Assignment
Write out, word for word, each line from the start of the entries through the one holding "doc.layers.add('WYMIAR', color=96, linetype='Continuous')"; omit the pictures.

(Stored dataset items)
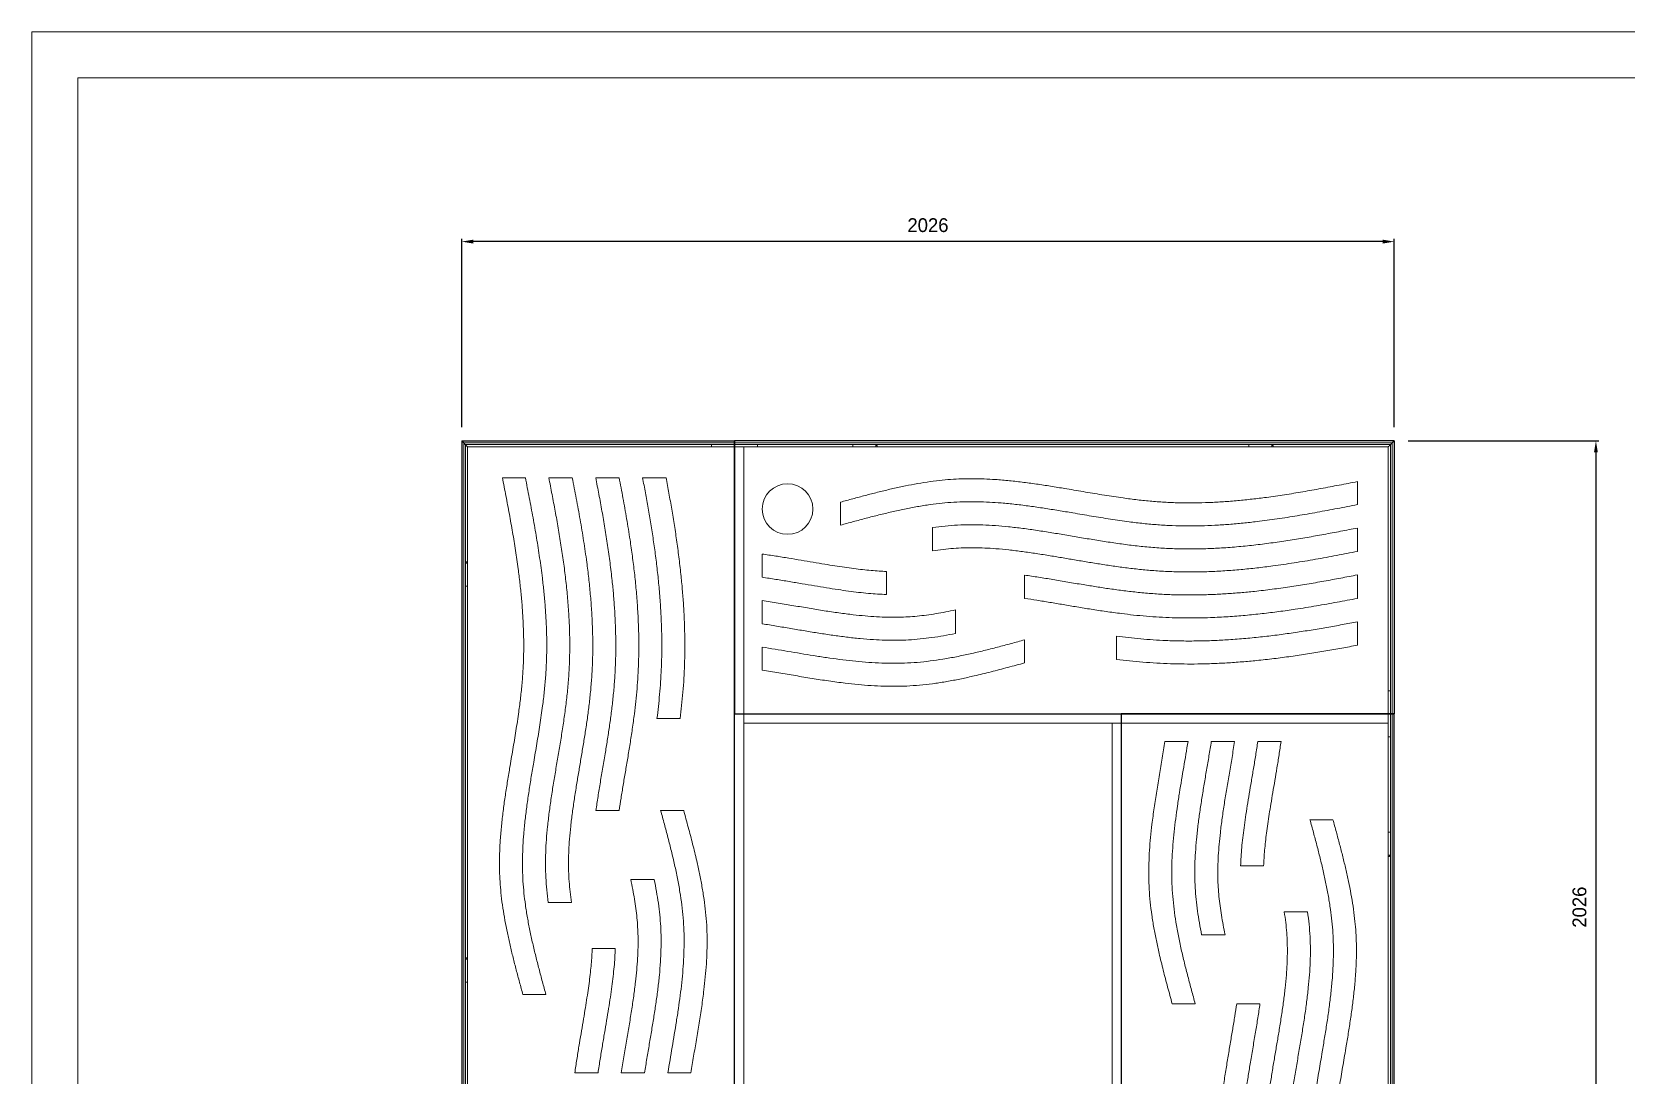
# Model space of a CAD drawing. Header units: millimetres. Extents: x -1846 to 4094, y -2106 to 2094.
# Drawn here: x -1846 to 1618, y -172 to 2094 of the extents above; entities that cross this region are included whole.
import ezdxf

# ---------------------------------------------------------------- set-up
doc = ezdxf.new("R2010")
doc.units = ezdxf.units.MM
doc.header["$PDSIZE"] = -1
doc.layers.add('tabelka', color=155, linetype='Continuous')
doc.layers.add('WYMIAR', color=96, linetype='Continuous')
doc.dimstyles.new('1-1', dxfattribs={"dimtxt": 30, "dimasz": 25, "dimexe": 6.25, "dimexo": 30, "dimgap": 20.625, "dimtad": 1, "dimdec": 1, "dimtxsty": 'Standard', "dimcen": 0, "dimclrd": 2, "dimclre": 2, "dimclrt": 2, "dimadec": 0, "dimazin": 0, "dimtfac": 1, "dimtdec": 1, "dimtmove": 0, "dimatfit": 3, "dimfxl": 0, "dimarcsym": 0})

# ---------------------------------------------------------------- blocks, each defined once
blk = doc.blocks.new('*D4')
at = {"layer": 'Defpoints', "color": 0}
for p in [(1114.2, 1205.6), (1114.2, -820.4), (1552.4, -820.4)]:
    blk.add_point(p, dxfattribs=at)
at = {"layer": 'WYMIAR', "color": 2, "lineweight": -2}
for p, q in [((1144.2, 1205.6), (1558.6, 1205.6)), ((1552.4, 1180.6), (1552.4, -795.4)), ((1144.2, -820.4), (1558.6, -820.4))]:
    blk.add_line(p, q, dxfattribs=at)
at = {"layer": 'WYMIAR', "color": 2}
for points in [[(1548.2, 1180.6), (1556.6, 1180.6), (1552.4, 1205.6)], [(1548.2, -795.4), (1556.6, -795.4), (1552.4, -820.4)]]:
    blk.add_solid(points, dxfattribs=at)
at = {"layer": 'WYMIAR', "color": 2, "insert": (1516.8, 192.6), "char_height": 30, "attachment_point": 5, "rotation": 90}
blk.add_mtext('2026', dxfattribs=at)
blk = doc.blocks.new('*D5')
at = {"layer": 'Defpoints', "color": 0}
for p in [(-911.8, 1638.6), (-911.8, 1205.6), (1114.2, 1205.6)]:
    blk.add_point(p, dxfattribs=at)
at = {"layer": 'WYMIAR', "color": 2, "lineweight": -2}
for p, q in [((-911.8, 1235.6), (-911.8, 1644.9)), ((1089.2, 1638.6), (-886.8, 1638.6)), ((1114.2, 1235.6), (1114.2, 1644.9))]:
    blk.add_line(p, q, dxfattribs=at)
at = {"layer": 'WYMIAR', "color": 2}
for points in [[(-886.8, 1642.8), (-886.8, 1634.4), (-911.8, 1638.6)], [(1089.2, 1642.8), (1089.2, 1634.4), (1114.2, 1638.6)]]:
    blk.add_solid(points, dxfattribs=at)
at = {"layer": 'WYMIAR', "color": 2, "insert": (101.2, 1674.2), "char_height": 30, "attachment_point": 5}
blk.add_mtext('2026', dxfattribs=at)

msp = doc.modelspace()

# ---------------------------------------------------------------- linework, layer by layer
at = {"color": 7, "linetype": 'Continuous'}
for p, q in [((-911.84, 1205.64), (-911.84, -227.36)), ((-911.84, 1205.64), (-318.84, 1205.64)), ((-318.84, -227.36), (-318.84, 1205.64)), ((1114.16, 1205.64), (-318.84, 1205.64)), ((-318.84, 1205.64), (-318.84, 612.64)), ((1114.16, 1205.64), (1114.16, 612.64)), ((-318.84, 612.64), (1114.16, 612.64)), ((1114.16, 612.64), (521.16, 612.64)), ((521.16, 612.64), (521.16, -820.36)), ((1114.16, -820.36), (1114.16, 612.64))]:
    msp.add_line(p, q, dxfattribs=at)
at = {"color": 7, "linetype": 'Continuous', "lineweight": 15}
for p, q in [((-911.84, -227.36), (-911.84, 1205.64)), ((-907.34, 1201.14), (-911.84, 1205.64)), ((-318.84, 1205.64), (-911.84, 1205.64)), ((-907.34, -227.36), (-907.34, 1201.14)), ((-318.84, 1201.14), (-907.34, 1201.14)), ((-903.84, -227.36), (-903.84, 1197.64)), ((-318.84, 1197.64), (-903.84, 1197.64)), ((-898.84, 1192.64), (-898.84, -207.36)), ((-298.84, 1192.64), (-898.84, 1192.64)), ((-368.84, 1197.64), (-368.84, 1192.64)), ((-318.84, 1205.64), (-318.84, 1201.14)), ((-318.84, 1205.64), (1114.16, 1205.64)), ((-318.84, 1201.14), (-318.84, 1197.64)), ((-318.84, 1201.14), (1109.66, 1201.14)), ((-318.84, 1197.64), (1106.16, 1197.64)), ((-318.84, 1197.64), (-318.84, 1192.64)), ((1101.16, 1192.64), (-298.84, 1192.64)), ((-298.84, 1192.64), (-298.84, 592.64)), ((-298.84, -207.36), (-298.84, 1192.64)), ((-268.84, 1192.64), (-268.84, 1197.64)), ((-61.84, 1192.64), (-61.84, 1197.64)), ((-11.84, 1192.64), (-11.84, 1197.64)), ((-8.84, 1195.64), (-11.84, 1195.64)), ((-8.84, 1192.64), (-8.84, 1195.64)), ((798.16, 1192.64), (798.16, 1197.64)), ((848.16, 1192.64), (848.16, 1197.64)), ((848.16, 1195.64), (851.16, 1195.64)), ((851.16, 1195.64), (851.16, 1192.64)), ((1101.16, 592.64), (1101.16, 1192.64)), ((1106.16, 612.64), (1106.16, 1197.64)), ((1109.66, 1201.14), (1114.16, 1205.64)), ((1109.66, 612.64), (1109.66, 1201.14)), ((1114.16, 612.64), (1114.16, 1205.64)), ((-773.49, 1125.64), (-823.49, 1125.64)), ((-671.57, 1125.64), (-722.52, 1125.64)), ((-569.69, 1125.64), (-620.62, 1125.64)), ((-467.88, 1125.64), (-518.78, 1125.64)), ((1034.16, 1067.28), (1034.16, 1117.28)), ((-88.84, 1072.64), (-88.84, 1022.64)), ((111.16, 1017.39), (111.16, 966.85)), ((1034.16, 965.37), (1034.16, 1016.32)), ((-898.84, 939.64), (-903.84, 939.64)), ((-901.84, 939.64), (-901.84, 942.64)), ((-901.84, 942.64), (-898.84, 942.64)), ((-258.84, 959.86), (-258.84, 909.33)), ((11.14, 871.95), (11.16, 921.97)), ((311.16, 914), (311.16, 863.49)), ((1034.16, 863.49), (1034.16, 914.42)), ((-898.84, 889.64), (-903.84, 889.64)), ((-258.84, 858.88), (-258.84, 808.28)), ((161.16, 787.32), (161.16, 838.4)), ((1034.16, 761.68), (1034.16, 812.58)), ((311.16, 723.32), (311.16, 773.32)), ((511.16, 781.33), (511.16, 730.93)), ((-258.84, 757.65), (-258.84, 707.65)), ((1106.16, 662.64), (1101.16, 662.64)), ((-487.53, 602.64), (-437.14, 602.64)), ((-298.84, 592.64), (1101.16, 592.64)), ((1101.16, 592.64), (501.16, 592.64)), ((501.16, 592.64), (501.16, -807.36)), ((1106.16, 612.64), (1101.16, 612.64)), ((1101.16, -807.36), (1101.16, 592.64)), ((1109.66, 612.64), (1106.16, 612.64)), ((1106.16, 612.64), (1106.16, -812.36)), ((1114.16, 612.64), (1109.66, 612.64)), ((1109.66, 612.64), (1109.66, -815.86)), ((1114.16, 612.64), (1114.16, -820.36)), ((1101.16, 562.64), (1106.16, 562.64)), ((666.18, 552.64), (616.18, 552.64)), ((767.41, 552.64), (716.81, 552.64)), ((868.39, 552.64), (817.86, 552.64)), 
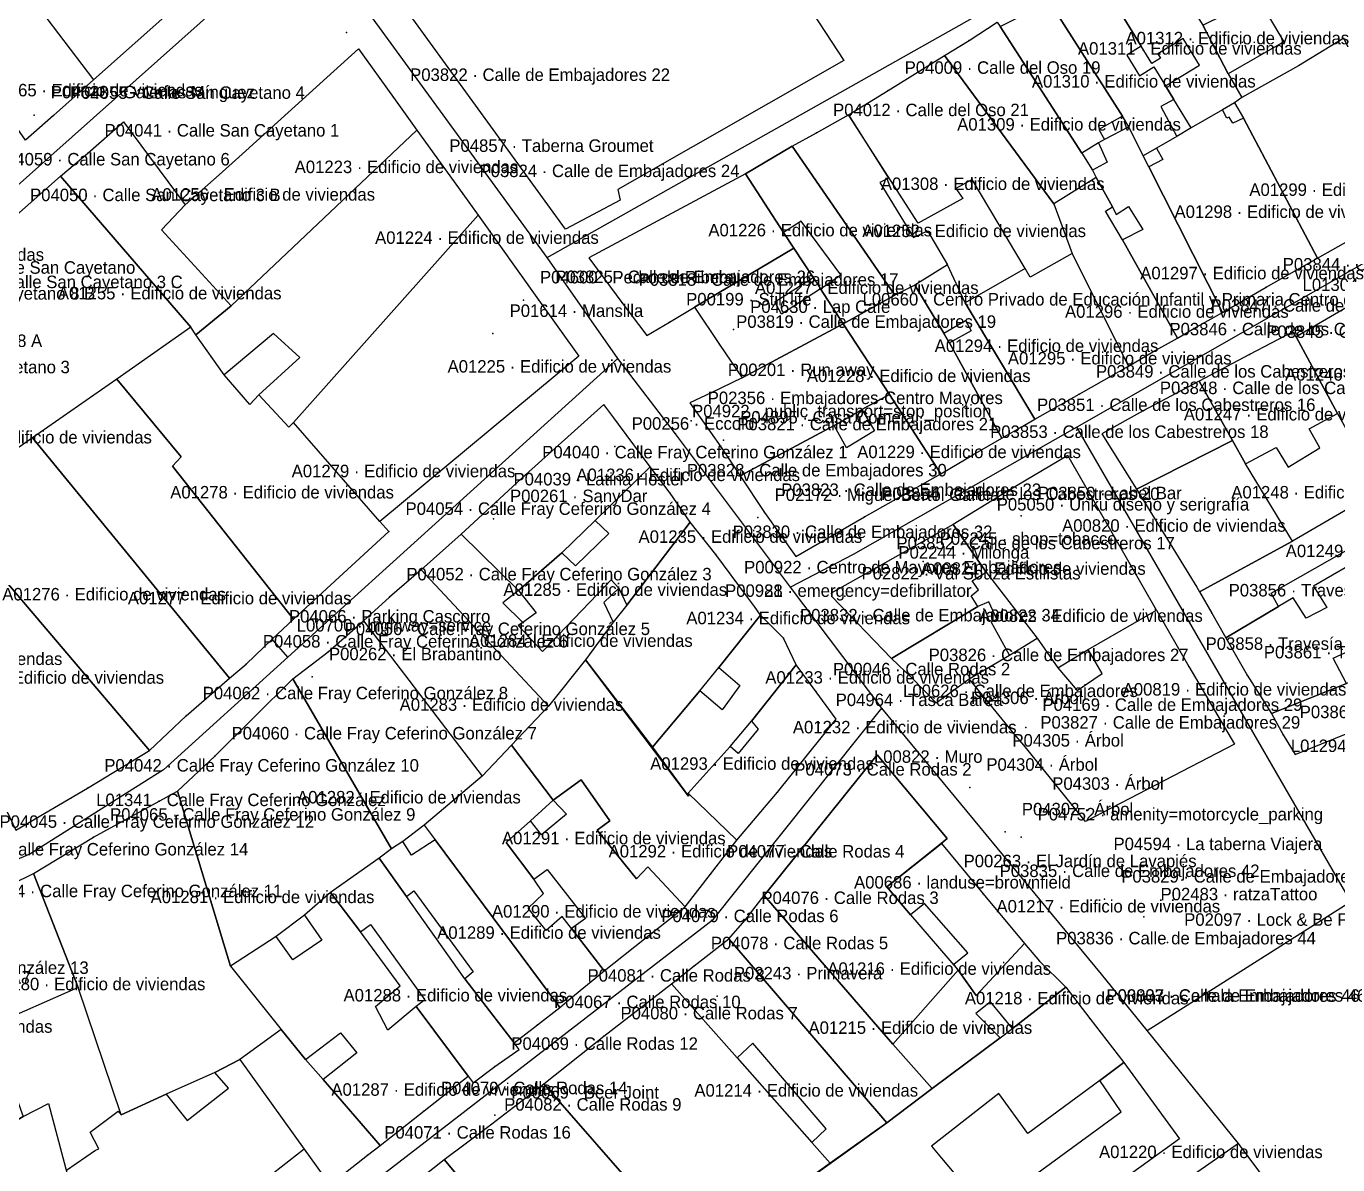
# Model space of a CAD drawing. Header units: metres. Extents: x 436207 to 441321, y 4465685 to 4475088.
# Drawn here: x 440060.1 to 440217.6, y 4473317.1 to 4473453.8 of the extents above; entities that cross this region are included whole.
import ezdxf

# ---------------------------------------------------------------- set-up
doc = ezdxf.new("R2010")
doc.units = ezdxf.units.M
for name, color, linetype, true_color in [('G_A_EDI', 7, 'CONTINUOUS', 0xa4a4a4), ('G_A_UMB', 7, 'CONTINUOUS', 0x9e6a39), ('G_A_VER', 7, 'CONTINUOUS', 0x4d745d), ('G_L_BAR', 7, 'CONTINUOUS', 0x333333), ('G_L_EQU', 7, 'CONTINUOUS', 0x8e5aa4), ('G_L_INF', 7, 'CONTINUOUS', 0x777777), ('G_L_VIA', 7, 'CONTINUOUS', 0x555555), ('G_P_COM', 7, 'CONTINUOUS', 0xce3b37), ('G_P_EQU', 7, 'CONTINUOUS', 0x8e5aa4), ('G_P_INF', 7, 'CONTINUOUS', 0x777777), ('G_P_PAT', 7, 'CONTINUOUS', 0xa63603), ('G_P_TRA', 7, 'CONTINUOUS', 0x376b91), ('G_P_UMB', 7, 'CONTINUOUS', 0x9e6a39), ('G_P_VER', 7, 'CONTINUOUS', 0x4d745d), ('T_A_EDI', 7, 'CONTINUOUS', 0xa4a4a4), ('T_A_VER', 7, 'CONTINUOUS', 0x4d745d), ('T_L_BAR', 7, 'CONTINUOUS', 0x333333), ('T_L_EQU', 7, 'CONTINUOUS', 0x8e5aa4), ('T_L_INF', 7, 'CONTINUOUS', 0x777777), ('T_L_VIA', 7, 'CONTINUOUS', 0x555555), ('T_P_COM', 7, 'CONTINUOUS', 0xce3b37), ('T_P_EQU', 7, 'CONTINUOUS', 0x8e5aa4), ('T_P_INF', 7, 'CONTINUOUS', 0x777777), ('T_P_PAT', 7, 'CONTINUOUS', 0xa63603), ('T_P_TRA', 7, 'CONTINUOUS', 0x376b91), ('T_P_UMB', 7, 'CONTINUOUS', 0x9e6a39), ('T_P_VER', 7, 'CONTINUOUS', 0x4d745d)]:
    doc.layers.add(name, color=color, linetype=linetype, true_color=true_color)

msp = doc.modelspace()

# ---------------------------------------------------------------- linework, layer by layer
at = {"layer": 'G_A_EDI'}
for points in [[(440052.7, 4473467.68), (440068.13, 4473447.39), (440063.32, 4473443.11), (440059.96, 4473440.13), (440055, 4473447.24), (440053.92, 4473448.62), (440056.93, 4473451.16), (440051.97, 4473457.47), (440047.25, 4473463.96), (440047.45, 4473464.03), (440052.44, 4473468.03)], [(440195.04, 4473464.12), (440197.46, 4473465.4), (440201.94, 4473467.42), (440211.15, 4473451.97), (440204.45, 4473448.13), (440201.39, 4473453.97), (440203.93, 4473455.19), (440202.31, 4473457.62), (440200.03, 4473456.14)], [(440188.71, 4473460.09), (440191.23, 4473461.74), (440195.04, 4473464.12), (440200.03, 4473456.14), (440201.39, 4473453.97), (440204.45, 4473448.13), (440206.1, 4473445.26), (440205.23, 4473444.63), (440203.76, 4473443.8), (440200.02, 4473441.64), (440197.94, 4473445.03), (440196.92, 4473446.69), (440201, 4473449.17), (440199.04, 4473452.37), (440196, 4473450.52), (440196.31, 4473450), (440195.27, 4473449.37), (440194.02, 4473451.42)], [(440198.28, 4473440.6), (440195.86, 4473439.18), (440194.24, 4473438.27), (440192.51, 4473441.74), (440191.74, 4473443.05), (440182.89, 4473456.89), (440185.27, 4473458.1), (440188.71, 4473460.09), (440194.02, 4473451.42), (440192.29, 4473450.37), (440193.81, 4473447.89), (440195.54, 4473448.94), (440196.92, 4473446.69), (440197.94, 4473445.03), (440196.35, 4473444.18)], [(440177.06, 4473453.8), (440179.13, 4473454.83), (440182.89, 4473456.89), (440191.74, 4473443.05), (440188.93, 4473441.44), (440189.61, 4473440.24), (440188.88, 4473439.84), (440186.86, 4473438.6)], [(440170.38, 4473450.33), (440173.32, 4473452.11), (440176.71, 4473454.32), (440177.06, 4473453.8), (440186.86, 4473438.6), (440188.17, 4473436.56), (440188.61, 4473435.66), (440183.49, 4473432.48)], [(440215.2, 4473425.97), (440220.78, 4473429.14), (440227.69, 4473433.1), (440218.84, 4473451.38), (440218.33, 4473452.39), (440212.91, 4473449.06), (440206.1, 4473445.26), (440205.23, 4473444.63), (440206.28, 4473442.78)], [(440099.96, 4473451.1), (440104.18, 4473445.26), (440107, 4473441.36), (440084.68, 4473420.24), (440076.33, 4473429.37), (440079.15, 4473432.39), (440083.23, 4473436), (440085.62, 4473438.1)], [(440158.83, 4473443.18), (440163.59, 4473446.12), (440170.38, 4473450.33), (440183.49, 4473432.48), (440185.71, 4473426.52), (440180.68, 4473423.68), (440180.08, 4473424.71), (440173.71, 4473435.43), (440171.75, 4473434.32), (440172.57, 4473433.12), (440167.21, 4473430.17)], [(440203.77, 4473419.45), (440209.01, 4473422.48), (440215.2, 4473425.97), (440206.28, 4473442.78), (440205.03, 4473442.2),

Output for this task
# Model space of a CAD drawing. Header units: millimetres. Extents: x -1846 to 4094, y -2106 to 2094.
# Drawn here: x -1846 to 1618, y -172 to 2094 of the extents above; entities that cross this region are included whole.
import ezdxf

# ---------------------------------------------------------------- set-up
doc = ezdxf.new("R2010")
doc.units = ezdxf.units.MM
doc.header["$PDSIZE"] = -1
doc.layers.add('tabelka', color=155, linetype='Continuous')
doc.layers.add('WYMIAR', color=96, linetype='Continuous')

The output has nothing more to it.